On two algebras of token graphs

Abstract: The $k$-token graph $F_k(G)$ of a graph $G$ is the graph whose vertices are the $k$-subsets of vertices from $G$, two of which being adjacent whenever their symmetric difference is a pair of adjacent vertices in $G$. In this article, we describe some properties of the Laplacian matrix $\L_k$ of $F_k(G)$ and the Laplacian matrix $\overline{\L}_k$ of the $k$-token graph $F_k(\overline{G})$ of its complement $\overline{G}$. In this context, a result about the commutativity of the matrices $\L_k$ and $\overline{\L}_k$ was given in [C. Dalf\'o, F. Duque, R. Fabila-Monroy, M. A. Fiol, C. Huemer, A. L. Trujillo-Negrete, and F. J. Zaragoza Mart\'{\i}nez, On the Laplacian spectra of token graphs, {\em Linear Algebra Appl.} {\bf 625} (2021) 322--348], but the proof was incomplete, and there were some typos. Here, we give the correct proof.
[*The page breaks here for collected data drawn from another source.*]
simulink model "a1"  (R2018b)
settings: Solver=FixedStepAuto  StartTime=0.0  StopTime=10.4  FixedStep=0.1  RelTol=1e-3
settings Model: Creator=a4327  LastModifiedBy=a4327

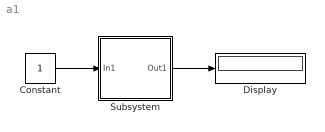
== system a1 ==
  Constant : Constant
  Display : Display
  Subsystem : Subsystem
  wires:
  Constant/1 -> Subsystem/1(In1)
  Subsystem/1(Out1) -> Display/1

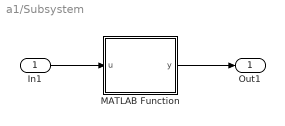
== system a1/Subsystem ==
  In1 : Inport
  MATLAB Function : MATLAB Function  TreatAsAtomicUnit=on
  Out1 : Outport
  wires:
  MATLAB Function/1(y) -> Out1/1
  In1/1 -> MATLAB Function/1(u)

== matlab function a1/Subsystem/MATLAB Function ==
  data: y output; u input
function y=fcn(u)
 global a
% ftest1;
% ftest2;

 y=a;
%  a=y;
%  if a==33
%      a=0;
%  end
end

Based on this result, and fixed the pair $(n,k)$ and the graph $G$, we first introduce a local' algebra ${\cal L}(G)$, generated by the pair $(\L_k, \overline{\L}_k)$, showing its closed relationship with the Bose-Mesner algebra of the Johnson graphs $J(n,k)$. Finally, fixed only $(n,k)$, we present aglobal' algebra ${\cal A}(n,k)$ that contains ${\cal L}(G)$ together with the Laplacian and adjacency matrices of the $k$-token graph of any graph $G$ on $n$ vertices.